Dataset items:
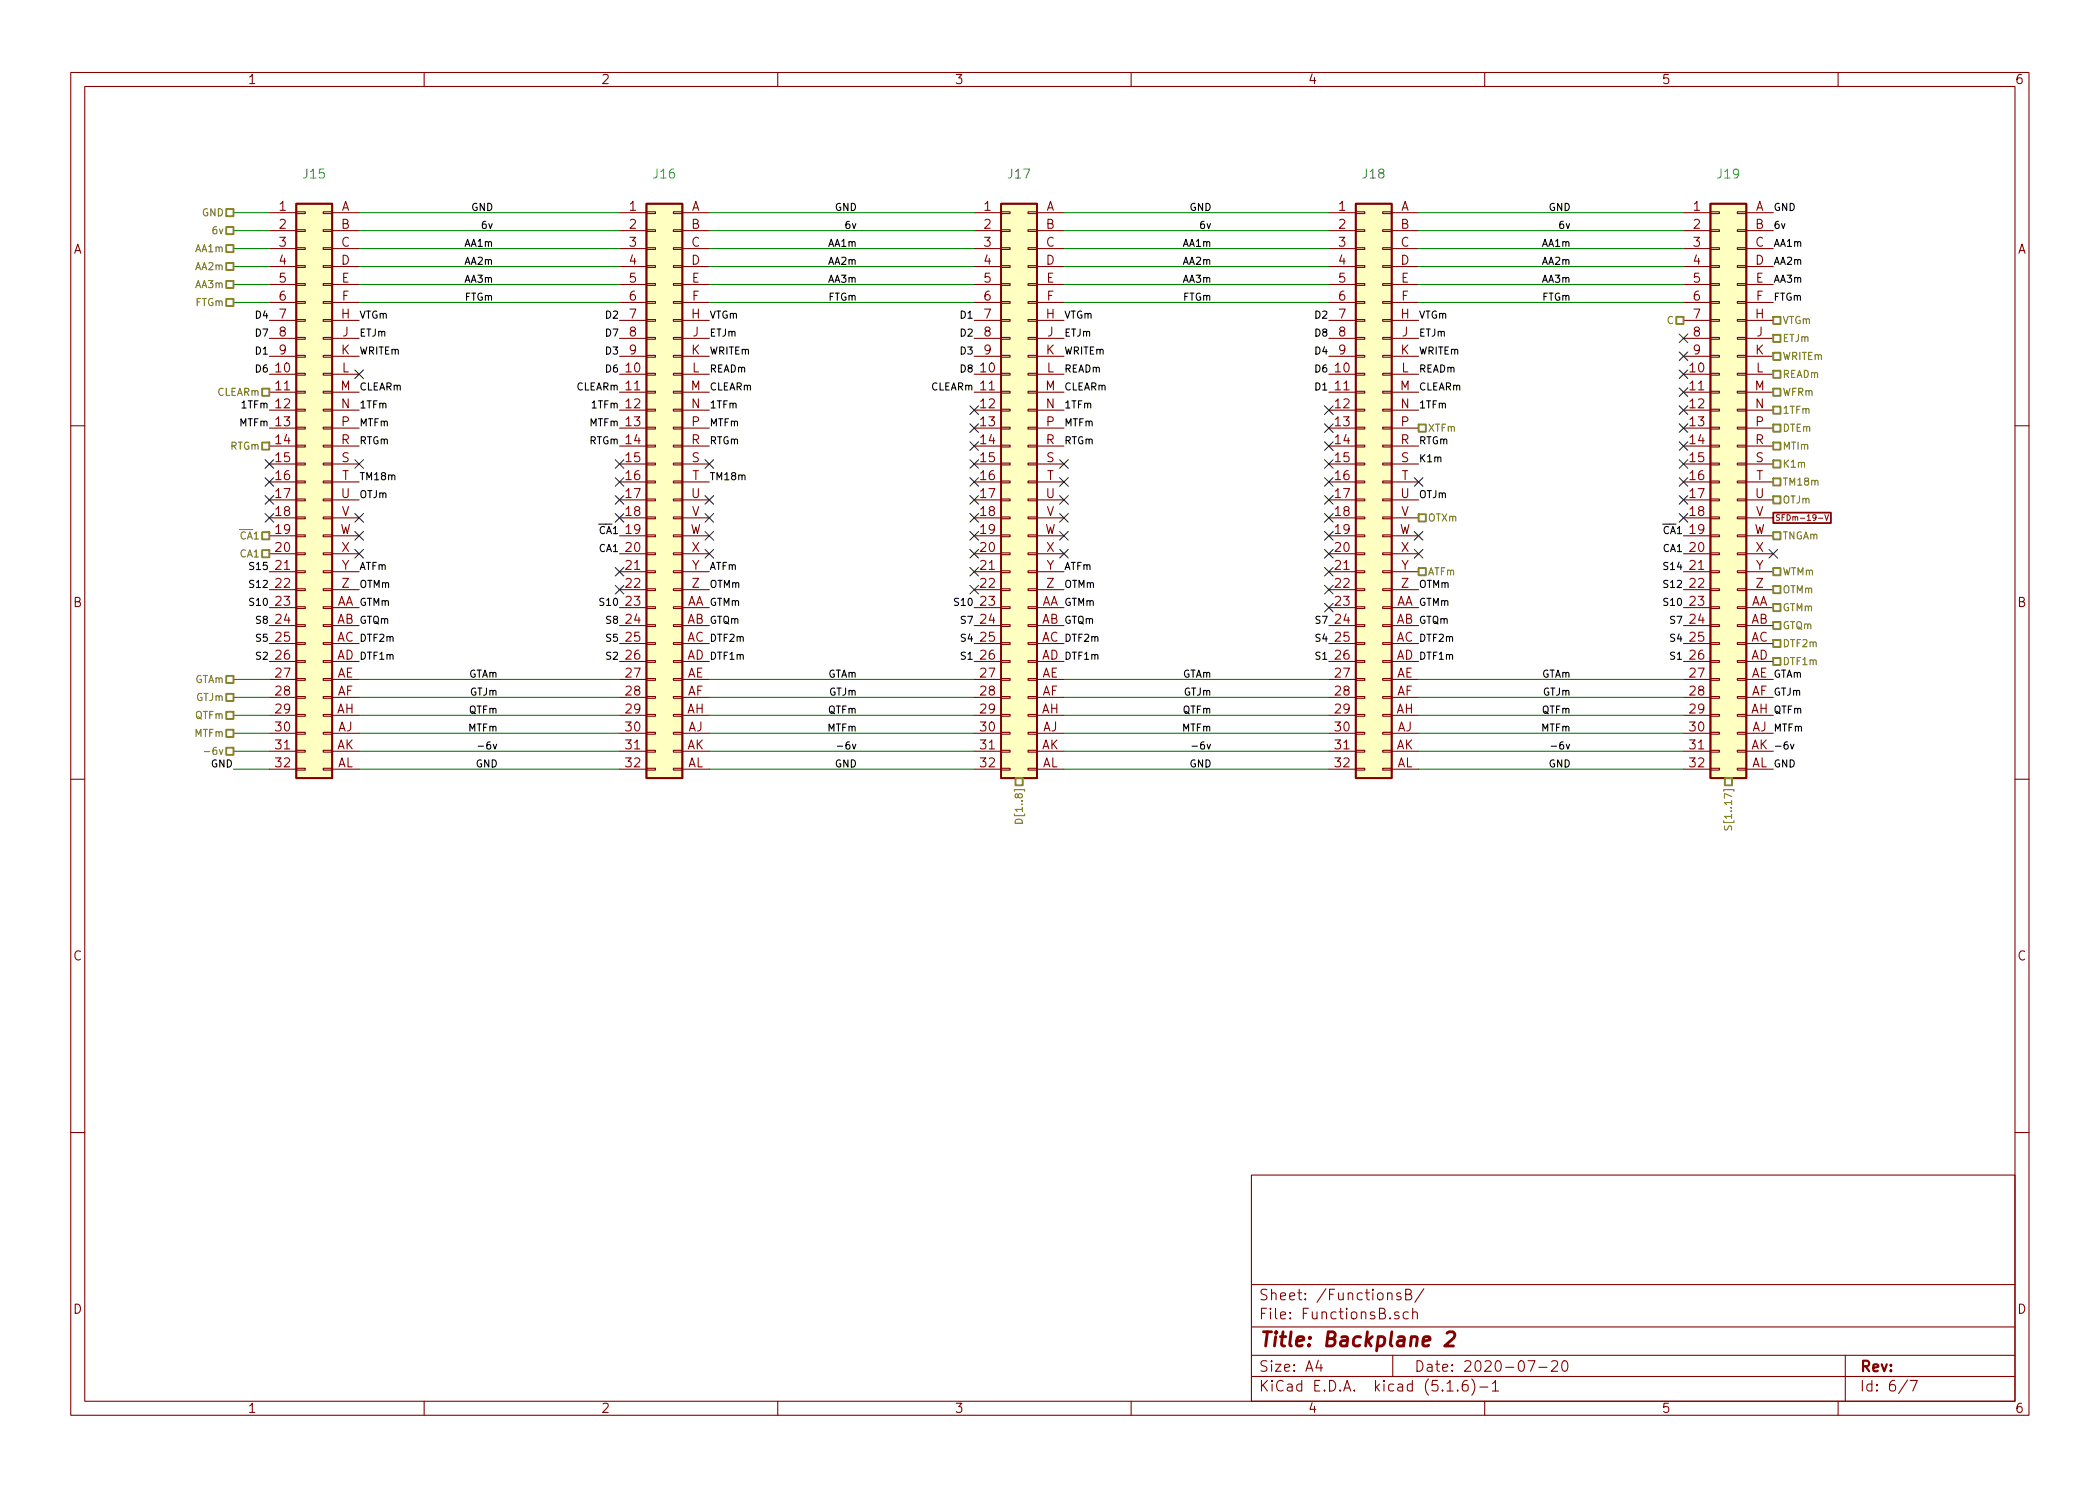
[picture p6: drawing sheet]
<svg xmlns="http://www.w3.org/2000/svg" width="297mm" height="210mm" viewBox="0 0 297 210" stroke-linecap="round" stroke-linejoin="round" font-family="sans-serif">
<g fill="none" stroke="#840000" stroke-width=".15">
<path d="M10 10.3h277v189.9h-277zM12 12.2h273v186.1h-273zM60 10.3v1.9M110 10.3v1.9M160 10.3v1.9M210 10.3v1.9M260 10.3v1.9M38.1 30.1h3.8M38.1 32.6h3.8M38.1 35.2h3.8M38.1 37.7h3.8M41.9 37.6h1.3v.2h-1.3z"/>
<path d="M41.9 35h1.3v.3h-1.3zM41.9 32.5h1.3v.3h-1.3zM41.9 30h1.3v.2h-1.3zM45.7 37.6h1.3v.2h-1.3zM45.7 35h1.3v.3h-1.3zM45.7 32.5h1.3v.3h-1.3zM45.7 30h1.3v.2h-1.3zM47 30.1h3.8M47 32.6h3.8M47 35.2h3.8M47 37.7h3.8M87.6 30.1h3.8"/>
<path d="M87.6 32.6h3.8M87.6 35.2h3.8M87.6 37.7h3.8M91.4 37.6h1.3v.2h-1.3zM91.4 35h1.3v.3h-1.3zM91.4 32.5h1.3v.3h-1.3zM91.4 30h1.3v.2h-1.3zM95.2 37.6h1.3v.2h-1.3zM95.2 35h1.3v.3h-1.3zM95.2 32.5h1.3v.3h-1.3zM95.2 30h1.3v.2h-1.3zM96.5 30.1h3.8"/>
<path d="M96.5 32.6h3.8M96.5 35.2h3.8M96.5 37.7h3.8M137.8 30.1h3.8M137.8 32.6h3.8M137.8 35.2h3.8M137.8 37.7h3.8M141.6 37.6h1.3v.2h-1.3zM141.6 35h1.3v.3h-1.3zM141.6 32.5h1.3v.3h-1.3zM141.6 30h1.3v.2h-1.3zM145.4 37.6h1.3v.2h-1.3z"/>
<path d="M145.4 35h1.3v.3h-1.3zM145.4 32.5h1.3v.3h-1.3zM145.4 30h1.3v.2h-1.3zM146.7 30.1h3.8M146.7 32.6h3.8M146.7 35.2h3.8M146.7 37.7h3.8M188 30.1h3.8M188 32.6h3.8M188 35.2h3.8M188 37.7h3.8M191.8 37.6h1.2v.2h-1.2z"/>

▶ [PROBLEM TO SOLVE]: Return the complete data unchanged and include none of the pictures.

▶ [RESPONSE TO THE EXERCISE]:
[picture p6: drawing sheet]
<svg xmlns="http://www.w3.org/2000/svg" width="297mm" height="210mm" viewBox="0 0 297 210" stroke-linecap="round" stroke-linejoin="round" font-family="sans-serif">
<g fill="none" stroke="#840000" stroke-width=".15">
<path d="M10 10.3h277v189.9h-277zM12 12.2h273v186.1h-273zM60 10.3v1.9M110 10.3v1.9M160 10.3v1.9M210 10.3v1.9M260 10.3v1.9M38.1 30.1h3.8M38.1 32.6h3.8M38.1 35.2h3.8M38.1 37.7h3.8M41.9 37.6h1.3v.2h-1.3z"/>
<path d="M41.9 35h1.3v.3h-1.3zM41.9 32.5h1.3v.3h-1.3zM41.9 30h1.3v.2h-1.3zM45.7 37.6h1.3v.2h-1.3zM45.7 35h1.3v.3h-1.3zM45.7 32.5h1.3v.3h-1.3zM45.7 30h1.3v.2h-1.3zM47 30.1h3.8M47 32.6h3.8M47 35.2h3.8M47 37.7h3.8M87.6 30.1h3.8"/>
<path d="M87.6 32.6h3.8M87.6 35.2h3.8M87.6 37.7h3.8M91.4 37.6h1.3v.2h-1.3zM91.4 35h1.3v.3h-1.3zM91.4 32.5h1.3v.3h-1.3zM91.4 30h1.3v.2h-1.3zM95.2 37.6h1.3v.2h-1.3zM95.2 35h1.3v.3h-1.3zM95.2 32.5h1.3v.3h-1.3zM95.2 30h1.3v.2h-1.3zM96.5 30.1h3.8"/>
<path d="M96.5 32.6h3.8M96.5 35.2h3.8M96.5 37.7h3.8M137.8 30.1h3.8M137.8 32.6h3.8M137.8 35.2h3.8M137.8 37.7h3.8M141.6 37.6h1.3v.2h-1.3zM141.6 35h1.3v.3h-1.3zM141.6 32.5h1.3v.3h-1.3zM141.6 30h1.3v.2h-1.3zM145.4 37.6h1.3v.2h-1.3z"/>
<path d="M145.4 35h1.3v.3h-1.3zM145.4 32.5h1.3v.3h-1.3zM145.4 30h1.3v.2h-1.3zM146.7 30.1h3.8M146.7 32.6h3.8M146.7 35.2h3.8M146.7 37.7h3.8M188 30.1h3.8M188 32.6h3.8M188 35.2h3.8M188 37.7h3.8M191.8 37.6h1.2v.2h-1.2z"/>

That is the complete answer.